INFORMATION GIVEN:

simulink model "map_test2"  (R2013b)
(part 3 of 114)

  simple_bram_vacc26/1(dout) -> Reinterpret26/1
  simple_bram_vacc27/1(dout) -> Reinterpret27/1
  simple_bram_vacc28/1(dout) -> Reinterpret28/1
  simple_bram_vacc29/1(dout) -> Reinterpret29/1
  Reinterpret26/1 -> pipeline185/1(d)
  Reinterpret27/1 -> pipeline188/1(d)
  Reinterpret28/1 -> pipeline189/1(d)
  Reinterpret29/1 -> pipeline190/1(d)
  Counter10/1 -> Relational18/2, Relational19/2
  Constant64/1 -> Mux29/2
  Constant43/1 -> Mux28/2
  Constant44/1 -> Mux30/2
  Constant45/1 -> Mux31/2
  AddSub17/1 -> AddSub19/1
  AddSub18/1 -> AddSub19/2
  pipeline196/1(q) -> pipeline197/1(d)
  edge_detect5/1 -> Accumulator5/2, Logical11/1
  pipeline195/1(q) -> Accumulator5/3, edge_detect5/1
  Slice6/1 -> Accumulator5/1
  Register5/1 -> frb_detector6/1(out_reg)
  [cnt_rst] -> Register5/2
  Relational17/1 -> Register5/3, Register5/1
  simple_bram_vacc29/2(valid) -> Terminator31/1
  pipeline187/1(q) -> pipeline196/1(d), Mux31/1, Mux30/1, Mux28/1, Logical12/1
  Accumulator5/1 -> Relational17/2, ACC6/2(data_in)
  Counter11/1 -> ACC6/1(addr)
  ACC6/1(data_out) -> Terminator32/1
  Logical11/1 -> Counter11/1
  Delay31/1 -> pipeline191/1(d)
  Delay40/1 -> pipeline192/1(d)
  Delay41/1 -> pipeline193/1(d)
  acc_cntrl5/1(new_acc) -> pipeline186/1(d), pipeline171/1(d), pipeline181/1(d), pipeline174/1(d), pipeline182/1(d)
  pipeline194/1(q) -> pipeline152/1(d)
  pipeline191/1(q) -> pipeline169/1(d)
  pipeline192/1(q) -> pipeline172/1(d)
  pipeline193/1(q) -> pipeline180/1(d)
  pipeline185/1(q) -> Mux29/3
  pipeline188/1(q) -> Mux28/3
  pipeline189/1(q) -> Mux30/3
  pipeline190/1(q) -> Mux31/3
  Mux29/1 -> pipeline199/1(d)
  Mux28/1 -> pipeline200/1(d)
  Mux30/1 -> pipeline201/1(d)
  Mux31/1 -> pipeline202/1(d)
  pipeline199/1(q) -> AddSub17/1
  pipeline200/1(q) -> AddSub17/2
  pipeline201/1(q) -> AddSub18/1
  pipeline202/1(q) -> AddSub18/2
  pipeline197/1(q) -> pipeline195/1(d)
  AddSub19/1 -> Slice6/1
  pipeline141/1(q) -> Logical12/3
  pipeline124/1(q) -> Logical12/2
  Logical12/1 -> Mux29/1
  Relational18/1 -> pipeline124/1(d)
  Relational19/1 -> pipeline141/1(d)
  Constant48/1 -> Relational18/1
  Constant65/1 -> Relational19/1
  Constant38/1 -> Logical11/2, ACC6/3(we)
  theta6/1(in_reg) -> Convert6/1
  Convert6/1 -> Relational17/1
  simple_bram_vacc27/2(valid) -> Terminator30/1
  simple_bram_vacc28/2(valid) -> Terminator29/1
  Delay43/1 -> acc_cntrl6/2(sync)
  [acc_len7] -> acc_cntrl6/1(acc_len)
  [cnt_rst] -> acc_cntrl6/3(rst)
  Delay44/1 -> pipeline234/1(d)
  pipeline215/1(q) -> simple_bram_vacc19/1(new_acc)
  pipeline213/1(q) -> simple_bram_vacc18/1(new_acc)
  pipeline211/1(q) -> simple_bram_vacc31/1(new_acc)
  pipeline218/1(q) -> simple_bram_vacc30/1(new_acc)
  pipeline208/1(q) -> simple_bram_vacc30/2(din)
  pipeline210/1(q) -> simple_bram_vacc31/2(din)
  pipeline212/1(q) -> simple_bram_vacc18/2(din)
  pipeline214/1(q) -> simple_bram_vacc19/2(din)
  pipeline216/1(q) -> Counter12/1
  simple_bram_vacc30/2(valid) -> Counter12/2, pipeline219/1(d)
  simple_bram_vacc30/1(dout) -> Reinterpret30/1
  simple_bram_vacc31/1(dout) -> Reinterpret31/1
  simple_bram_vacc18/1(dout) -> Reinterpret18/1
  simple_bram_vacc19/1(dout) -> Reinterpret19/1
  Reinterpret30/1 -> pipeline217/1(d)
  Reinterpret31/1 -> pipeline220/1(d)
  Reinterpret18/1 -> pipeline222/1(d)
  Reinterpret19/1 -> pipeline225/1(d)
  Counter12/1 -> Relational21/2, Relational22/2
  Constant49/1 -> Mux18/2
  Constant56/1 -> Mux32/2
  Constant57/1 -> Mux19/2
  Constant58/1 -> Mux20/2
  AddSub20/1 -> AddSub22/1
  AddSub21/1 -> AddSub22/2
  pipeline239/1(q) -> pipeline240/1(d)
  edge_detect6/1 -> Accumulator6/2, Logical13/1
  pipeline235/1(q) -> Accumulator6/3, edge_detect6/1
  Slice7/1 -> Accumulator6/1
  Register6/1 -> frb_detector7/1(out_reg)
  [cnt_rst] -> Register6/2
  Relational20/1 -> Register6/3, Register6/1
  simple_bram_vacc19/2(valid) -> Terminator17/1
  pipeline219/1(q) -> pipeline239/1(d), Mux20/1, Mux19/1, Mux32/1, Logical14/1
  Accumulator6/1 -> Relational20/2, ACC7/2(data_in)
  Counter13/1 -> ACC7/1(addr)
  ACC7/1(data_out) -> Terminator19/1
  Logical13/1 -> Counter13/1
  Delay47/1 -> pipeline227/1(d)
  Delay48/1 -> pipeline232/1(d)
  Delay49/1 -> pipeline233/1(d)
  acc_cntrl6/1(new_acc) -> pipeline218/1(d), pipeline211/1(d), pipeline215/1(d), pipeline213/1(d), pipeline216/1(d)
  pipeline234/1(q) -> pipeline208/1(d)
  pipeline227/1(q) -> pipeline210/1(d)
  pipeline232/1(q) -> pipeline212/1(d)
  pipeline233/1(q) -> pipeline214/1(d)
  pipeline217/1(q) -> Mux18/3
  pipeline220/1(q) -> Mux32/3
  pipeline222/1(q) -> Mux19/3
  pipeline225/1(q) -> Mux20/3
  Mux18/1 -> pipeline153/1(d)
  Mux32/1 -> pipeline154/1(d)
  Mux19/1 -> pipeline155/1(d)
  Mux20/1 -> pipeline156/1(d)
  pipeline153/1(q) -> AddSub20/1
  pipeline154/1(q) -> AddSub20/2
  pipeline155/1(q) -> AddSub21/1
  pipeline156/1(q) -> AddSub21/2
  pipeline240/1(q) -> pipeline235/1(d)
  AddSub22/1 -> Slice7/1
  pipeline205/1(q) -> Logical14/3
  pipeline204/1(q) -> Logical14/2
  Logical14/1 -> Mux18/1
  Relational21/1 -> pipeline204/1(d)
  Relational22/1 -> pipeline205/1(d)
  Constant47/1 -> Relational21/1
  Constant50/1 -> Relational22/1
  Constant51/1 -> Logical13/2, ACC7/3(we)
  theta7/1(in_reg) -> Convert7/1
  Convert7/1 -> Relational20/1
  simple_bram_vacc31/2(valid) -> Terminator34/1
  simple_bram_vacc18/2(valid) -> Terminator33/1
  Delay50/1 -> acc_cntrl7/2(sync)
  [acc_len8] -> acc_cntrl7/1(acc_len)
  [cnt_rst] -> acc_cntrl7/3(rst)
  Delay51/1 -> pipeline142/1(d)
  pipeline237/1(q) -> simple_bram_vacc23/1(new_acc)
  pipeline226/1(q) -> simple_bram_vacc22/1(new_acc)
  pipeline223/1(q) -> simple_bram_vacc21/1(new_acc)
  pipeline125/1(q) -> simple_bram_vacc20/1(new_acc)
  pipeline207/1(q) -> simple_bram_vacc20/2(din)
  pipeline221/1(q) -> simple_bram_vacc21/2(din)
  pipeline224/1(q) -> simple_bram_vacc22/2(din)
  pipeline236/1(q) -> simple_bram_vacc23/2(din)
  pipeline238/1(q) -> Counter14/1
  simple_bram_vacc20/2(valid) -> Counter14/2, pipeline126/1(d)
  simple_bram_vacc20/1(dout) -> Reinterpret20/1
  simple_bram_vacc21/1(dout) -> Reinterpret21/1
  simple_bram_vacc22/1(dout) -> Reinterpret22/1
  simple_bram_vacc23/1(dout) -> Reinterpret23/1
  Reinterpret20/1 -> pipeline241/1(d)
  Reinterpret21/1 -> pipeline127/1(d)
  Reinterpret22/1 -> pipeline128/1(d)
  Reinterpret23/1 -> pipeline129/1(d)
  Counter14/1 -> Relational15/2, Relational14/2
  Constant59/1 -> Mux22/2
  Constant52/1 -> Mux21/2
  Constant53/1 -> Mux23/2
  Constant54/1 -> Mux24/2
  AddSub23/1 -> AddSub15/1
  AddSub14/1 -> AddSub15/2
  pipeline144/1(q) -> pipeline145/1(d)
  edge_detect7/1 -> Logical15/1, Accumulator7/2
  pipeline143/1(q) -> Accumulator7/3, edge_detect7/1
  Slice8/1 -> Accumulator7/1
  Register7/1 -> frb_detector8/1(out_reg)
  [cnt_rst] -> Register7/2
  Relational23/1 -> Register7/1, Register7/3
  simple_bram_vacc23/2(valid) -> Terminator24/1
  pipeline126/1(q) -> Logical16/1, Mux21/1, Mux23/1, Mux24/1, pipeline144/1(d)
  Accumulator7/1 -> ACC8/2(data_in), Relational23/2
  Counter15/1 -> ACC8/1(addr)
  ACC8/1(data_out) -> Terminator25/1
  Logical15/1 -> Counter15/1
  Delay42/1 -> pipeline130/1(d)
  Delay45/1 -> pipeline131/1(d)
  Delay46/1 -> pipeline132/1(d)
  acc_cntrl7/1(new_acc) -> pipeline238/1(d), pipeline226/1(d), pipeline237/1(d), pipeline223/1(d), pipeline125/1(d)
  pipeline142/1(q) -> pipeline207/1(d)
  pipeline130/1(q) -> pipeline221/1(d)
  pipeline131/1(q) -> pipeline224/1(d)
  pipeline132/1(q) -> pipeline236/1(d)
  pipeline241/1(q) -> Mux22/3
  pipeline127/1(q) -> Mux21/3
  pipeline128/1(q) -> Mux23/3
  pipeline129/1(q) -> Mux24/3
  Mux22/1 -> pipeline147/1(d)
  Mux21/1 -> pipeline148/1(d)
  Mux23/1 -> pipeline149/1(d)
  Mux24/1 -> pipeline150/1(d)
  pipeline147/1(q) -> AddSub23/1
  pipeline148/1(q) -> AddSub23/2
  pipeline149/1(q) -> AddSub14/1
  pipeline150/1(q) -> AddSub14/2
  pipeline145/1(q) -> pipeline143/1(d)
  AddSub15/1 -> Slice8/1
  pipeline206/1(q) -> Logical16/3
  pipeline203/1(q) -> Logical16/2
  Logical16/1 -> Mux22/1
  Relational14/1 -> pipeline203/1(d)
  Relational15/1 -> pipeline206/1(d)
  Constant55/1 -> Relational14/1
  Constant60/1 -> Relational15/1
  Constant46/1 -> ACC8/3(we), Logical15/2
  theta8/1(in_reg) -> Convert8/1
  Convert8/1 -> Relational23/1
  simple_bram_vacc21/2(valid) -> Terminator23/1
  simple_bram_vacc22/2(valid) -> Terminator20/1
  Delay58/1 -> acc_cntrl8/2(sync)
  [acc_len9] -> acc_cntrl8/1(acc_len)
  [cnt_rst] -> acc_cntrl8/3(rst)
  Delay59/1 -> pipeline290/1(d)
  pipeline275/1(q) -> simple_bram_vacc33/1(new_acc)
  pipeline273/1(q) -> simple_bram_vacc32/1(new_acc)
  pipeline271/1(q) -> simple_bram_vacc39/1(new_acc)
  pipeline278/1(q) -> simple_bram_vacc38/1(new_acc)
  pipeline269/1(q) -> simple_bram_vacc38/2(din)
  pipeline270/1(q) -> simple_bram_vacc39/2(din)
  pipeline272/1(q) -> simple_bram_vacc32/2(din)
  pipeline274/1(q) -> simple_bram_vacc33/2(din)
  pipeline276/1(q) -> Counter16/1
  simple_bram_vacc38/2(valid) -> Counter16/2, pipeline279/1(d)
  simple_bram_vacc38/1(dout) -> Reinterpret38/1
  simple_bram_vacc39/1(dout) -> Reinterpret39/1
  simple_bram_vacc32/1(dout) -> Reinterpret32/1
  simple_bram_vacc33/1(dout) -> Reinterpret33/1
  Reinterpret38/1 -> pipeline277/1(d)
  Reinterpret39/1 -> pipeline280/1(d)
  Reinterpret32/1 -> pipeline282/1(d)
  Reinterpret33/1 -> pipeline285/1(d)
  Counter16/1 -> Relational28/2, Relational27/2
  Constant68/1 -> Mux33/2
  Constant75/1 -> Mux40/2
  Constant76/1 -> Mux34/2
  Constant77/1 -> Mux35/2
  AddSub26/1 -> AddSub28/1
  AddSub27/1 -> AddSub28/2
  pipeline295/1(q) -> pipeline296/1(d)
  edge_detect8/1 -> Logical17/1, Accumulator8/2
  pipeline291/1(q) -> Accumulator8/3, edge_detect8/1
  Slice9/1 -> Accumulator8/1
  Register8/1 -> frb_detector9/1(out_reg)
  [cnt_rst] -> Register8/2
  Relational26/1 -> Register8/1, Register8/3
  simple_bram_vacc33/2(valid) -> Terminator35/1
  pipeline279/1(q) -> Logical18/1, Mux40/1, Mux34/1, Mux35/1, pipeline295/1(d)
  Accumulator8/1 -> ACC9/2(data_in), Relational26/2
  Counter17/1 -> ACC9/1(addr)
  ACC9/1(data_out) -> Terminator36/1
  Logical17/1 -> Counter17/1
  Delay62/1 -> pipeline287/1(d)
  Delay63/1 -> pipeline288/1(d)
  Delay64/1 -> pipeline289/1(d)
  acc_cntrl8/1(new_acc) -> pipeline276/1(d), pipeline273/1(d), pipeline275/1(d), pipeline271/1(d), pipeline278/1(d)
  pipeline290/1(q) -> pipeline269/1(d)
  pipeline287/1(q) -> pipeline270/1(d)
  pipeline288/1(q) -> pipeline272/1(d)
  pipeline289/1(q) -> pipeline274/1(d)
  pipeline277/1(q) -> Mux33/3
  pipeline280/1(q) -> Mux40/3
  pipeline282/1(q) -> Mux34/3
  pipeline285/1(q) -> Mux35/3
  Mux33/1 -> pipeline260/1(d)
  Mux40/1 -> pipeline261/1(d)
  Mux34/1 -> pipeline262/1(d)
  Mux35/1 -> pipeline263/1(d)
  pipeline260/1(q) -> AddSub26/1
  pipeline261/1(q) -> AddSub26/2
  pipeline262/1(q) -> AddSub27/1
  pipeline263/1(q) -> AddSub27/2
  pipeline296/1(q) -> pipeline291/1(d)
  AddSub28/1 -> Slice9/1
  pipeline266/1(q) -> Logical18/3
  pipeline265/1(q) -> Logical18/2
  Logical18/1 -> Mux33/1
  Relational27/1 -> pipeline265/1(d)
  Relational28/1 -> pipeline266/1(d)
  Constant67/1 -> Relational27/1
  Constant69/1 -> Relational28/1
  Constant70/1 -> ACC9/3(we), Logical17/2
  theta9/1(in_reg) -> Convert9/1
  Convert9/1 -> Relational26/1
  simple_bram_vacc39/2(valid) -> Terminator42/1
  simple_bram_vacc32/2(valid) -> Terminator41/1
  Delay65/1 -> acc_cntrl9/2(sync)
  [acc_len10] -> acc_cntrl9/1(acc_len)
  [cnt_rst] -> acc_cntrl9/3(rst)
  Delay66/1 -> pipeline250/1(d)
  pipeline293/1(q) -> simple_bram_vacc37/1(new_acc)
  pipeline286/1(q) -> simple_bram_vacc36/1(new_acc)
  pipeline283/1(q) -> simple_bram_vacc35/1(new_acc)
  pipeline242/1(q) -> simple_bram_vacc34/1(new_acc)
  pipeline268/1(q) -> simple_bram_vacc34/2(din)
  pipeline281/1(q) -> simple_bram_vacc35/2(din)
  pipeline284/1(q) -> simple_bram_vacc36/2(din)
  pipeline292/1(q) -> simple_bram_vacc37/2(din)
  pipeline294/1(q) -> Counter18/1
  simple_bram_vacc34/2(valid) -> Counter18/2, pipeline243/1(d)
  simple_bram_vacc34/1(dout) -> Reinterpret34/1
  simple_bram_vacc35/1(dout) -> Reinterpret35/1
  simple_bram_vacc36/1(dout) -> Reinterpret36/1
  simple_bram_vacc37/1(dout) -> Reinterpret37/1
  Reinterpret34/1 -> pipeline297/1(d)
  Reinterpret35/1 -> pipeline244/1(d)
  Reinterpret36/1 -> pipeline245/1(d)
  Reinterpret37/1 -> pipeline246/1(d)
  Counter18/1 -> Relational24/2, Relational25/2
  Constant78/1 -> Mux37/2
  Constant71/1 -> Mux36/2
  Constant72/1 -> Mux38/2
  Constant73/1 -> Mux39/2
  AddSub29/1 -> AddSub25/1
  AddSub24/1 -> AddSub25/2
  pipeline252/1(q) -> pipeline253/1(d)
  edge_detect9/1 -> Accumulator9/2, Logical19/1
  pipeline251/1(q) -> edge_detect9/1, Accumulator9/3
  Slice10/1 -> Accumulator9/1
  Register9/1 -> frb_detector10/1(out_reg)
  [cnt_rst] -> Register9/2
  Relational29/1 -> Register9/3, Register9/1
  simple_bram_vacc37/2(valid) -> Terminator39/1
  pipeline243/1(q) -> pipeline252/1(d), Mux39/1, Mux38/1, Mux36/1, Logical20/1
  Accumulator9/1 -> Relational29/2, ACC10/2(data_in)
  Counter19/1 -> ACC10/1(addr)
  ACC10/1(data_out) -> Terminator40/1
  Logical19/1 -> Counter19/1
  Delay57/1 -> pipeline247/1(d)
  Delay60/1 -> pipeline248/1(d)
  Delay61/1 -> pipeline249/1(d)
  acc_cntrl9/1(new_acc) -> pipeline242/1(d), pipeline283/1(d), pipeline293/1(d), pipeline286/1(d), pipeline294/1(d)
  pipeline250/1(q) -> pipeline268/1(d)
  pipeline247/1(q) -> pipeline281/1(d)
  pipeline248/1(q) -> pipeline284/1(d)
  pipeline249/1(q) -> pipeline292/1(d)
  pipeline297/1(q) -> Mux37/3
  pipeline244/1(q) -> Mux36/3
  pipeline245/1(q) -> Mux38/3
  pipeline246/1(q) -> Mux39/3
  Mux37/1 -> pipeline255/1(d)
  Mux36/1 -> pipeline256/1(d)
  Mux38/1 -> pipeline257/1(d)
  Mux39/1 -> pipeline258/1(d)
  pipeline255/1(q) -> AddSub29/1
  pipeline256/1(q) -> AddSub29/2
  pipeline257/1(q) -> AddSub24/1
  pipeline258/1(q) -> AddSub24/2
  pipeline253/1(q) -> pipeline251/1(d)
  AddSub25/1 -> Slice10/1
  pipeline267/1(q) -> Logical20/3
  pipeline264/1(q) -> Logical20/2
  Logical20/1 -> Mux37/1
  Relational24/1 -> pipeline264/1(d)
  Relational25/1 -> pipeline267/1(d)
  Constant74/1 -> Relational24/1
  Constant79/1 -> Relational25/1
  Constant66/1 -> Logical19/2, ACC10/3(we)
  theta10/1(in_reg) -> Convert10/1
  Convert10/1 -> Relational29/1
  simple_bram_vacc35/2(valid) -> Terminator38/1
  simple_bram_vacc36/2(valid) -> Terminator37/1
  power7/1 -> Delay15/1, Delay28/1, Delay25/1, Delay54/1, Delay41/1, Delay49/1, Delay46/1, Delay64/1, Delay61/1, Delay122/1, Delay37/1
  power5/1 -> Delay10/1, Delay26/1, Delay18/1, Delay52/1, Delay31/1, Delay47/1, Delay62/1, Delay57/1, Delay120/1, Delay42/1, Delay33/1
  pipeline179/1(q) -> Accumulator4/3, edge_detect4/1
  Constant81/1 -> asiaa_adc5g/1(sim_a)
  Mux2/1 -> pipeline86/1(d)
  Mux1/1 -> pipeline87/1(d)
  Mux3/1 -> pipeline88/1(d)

TASK DESCRIPTION:
Copy word for word the stretch of entries above from the line that has "Mux32/1 -> pipeline154/1(d)" through the line that has "pipeline226/1(q) -> simple_bram_vacc22/1(new_acc)", both ends included, and nothing outside it.

FINISHED TASK:
  Mux32/1 -> pipeline154/1(d)
  Mux19/1 -> pipeline155/1(d)
  Mux20/1 -> pipeline156/1(d)
  pipeline153/1(q) -> AddSub20/1
  pipeline154/1(q) -> AddSub20/2
  pipeline155/1(q) -> AddSub21/1
  pipeline156/1(q) -> AddSub21/2
  pipeline240/1(q) -> pipeline235/1(d)
  AddSub22/1 -> Slice7/1
  pipeline205/1(q) -> Logical14/3
  pipeline204/1(q) -> Logical14/2
  Logical14/1 -> Mux18/1
  Relational21/1 -> pipeline204/1(d)
  Relational22/1 -> pipeline205/1(d)
  Constant47/1 -> Relational21/1
  Constant50/1 -> Relational22/1
  Constant51/1 -> Logical13/2, ACC7/3(we)
  theta7/1(in_reg) -> Convert7/1
  Convert7/1 -> Relational20/1
  simple_bram_vacc31/2(valid) -> Terminator34/1
  simple_bram_vacc18/2(valid) -> Terminator33/1
  Delay50/1 -> acc_cntrl7/2(sync)
  [acc_len8] -> acc_cntrl7/1(acc_len)
  [cnt_rst] -> acc_cntrl7/3(rst)
  Delay51/1 -> pipeline142/1(d)
  pipeline237/1(q) -> simple_bram_vacc23/1(new_acc)
  pipeline226/1(q) -> simple_bram_vacc22/1(new_acc)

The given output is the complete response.